**Provided records:**

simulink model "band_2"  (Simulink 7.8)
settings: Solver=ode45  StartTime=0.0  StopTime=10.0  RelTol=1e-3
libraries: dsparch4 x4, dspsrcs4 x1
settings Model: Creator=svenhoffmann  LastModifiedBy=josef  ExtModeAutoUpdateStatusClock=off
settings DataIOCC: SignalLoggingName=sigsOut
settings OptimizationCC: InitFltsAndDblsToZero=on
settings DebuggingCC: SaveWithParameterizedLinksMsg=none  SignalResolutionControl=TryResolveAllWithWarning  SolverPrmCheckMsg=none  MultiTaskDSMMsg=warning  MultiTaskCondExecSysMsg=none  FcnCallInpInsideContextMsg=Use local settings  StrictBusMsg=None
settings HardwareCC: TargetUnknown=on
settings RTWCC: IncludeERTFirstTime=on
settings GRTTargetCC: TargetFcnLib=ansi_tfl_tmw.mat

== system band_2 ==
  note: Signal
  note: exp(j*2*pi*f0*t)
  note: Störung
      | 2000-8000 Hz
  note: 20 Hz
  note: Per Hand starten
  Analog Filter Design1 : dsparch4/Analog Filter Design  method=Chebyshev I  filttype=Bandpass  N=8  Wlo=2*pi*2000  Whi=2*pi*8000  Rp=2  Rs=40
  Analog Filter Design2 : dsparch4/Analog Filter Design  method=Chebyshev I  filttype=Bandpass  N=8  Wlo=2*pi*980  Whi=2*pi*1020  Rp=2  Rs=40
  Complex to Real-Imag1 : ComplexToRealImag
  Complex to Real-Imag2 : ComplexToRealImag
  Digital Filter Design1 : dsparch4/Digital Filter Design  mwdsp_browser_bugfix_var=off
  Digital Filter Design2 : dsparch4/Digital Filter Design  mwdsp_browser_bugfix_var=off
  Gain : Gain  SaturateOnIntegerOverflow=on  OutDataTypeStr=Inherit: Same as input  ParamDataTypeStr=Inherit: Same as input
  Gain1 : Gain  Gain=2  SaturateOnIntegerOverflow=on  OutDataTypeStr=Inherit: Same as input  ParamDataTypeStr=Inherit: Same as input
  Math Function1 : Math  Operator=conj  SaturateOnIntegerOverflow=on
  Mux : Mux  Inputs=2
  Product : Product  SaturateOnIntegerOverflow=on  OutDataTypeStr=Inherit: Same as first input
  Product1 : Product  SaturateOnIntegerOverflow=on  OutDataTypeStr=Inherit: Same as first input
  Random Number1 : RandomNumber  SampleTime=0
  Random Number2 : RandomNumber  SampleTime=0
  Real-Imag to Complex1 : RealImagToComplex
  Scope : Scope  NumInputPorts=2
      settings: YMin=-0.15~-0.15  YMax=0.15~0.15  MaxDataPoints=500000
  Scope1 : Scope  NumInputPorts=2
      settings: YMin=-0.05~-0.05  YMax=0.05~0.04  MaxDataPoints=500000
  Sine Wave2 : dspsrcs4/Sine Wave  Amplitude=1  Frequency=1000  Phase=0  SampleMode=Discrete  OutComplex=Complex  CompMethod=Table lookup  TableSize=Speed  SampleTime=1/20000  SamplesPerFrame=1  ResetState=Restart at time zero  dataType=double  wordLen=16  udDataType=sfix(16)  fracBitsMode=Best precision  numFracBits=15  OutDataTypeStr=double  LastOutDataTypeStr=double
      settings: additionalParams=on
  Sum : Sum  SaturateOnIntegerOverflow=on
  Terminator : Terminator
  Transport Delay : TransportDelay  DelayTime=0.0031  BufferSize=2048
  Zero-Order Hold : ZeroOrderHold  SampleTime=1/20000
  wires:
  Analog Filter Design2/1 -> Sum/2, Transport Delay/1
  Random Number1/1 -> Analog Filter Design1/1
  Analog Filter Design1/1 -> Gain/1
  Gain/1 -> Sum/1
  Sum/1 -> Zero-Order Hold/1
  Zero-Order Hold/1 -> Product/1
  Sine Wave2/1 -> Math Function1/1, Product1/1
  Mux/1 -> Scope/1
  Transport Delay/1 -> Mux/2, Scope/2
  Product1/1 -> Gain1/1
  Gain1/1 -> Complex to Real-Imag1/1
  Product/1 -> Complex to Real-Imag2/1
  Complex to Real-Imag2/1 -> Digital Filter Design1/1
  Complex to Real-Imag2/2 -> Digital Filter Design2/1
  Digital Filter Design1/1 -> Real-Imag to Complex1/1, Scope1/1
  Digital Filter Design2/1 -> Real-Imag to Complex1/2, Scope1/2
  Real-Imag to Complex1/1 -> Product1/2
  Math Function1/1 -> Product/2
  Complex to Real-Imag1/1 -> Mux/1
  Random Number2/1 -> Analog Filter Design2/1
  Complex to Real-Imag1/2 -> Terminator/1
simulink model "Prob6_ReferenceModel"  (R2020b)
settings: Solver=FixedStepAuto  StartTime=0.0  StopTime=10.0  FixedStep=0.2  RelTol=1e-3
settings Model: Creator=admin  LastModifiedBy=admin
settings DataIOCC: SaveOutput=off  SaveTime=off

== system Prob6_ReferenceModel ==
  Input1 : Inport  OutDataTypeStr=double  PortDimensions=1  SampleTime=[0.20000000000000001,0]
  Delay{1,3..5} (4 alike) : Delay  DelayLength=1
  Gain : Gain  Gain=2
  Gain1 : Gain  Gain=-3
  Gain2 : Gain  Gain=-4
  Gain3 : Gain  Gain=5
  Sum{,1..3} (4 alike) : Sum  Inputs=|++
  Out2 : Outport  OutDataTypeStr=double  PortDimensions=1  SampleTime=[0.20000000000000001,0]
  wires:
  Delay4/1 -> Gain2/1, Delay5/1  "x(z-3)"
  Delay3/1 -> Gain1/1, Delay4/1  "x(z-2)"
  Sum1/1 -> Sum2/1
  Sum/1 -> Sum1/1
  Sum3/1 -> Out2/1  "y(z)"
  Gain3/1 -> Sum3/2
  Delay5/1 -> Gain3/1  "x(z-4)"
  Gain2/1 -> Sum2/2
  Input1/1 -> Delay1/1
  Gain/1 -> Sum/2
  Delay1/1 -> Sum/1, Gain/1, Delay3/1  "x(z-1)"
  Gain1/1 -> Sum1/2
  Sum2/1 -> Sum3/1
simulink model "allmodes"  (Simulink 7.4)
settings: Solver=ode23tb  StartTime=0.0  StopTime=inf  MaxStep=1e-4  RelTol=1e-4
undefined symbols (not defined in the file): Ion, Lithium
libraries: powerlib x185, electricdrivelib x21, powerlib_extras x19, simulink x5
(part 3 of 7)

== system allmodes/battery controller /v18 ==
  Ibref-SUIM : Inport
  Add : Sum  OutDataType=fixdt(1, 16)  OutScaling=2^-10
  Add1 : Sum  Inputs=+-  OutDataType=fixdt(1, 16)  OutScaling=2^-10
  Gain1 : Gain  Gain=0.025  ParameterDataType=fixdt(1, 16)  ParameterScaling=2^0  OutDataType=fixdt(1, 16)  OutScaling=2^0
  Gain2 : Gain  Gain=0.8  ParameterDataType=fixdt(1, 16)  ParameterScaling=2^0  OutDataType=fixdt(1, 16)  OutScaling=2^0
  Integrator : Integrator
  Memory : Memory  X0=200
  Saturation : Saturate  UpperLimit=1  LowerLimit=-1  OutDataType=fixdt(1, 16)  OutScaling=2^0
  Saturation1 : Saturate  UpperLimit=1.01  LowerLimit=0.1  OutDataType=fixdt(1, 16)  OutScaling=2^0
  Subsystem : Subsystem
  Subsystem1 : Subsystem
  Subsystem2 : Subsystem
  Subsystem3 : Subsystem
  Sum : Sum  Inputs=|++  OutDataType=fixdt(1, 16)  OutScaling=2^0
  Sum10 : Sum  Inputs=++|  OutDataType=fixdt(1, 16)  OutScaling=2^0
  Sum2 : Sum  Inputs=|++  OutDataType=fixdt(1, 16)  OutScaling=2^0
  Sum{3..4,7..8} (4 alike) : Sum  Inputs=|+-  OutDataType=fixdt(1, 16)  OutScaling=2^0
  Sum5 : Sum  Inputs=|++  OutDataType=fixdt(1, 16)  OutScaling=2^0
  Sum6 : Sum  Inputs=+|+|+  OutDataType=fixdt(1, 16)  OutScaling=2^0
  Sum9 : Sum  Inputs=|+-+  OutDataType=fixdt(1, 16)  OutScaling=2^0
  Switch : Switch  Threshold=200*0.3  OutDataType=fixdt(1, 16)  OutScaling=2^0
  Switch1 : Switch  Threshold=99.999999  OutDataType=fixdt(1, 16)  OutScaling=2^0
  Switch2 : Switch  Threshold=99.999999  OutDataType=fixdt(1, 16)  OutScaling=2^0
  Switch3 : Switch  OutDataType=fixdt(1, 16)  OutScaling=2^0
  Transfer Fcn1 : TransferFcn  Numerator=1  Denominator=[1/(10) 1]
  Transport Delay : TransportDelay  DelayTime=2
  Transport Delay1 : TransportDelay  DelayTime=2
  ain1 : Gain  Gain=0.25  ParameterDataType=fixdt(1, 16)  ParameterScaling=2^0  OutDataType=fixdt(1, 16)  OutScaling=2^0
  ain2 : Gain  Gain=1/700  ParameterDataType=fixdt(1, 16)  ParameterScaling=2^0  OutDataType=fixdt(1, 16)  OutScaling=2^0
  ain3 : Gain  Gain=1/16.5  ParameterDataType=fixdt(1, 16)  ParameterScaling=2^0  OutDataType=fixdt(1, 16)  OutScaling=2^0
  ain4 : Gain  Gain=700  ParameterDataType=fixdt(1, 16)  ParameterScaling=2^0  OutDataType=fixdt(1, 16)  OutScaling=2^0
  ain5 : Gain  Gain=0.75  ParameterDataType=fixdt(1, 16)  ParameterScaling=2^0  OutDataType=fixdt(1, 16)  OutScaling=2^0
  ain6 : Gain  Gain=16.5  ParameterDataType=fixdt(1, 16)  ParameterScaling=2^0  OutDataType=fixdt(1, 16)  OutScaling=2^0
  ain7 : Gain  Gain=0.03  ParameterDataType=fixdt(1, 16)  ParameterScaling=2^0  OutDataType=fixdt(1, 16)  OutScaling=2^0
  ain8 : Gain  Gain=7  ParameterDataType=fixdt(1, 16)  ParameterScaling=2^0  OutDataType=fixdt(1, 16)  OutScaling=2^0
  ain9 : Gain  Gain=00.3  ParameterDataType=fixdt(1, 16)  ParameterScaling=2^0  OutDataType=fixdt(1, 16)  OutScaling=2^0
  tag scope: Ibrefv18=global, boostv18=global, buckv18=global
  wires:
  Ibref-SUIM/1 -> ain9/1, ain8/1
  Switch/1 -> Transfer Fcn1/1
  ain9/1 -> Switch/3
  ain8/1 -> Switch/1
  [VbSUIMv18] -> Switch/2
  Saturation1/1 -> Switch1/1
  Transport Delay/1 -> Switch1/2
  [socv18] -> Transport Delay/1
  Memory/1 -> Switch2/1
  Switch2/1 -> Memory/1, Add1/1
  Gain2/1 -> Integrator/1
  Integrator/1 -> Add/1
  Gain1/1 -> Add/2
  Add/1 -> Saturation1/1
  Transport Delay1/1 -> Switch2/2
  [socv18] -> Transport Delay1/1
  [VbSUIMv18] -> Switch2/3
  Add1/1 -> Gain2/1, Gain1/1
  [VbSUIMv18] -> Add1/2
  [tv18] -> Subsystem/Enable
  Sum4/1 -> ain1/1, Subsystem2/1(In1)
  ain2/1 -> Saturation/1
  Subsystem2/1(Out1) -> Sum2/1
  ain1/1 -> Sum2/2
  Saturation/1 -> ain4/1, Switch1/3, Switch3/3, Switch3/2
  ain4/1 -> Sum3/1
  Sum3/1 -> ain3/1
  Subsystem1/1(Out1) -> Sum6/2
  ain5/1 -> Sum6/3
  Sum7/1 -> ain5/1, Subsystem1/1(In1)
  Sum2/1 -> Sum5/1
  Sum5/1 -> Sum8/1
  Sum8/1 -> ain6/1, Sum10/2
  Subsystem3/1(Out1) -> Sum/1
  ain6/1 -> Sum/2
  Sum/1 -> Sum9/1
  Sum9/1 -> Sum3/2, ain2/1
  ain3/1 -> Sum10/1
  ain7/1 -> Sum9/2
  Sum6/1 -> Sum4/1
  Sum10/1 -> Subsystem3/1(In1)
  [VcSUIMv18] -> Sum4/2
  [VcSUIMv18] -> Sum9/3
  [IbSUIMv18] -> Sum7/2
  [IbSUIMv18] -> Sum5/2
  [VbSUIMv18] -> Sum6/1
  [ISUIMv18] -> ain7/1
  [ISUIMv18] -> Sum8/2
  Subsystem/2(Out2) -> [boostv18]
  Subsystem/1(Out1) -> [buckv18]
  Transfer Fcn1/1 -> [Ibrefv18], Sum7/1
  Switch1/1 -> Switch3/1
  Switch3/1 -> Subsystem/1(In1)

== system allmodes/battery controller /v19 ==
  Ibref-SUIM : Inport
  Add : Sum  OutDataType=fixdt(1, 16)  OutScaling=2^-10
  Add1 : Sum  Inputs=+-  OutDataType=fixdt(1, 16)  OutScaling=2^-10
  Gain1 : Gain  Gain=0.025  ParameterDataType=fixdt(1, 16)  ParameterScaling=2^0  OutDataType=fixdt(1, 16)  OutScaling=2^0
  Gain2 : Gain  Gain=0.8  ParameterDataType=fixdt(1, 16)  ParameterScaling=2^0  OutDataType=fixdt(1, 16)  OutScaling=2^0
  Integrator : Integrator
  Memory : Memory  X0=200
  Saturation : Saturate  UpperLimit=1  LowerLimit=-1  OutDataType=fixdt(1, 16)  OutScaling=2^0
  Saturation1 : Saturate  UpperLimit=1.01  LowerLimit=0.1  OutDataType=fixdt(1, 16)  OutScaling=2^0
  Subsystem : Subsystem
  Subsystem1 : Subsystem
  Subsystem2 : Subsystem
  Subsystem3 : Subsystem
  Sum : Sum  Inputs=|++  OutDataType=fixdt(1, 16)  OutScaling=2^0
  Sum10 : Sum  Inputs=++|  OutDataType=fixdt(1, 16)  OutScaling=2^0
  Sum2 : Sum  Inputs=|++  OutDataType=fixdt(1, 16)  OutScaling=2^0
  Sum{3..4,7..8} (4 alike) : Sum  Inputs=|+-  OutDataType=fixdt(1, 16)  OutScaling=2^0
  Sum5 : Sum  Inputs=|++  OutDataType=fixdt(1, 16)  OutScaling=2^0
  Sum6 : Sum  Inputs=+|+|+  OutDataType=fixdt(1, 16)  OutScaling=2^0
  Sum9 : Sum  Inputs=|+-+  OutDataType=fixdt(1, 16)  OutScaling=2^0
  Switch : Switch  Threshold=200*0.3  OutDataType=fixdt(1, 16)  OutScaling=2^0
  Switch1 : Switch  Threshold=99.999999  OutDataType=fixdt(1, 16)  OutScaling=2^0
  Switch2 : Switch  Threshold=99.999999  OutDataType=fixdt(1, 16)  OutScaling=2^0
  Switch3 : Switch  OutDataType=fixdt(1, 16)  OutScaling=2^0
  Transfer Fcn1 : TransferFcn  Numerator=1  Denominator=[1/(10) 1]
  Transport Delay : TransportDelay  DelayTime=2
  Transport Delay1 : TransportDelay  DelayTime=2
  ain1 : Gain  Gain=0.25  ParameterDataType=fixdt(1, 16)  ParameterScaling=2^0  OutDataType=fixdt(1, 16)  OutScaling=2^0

**Problem description:** Whenever the string "Digital" shows up in a line of the records, copy that line.

**Finished task:**
  Digital Filter Design1 : dsparch4/Digital Filter Design  mwdsp_browser_bugfix_var=off
  Digital Filter Design2 : dsparch4/Digital Filter Design  mwdsp_browser_bugfix_var=off
  Complex to Real-Imag2/1 -> Digital Filter Design1/1
  Complex to Real-Imag2/2 -> Digital Filter Design2/1
  Digital Filter Design1/1 -> Real-Imag to Complex1/1, Scope1/1
  Digital Filter Design2/1 -> Real-Imag to Complex1/2, Scope1/2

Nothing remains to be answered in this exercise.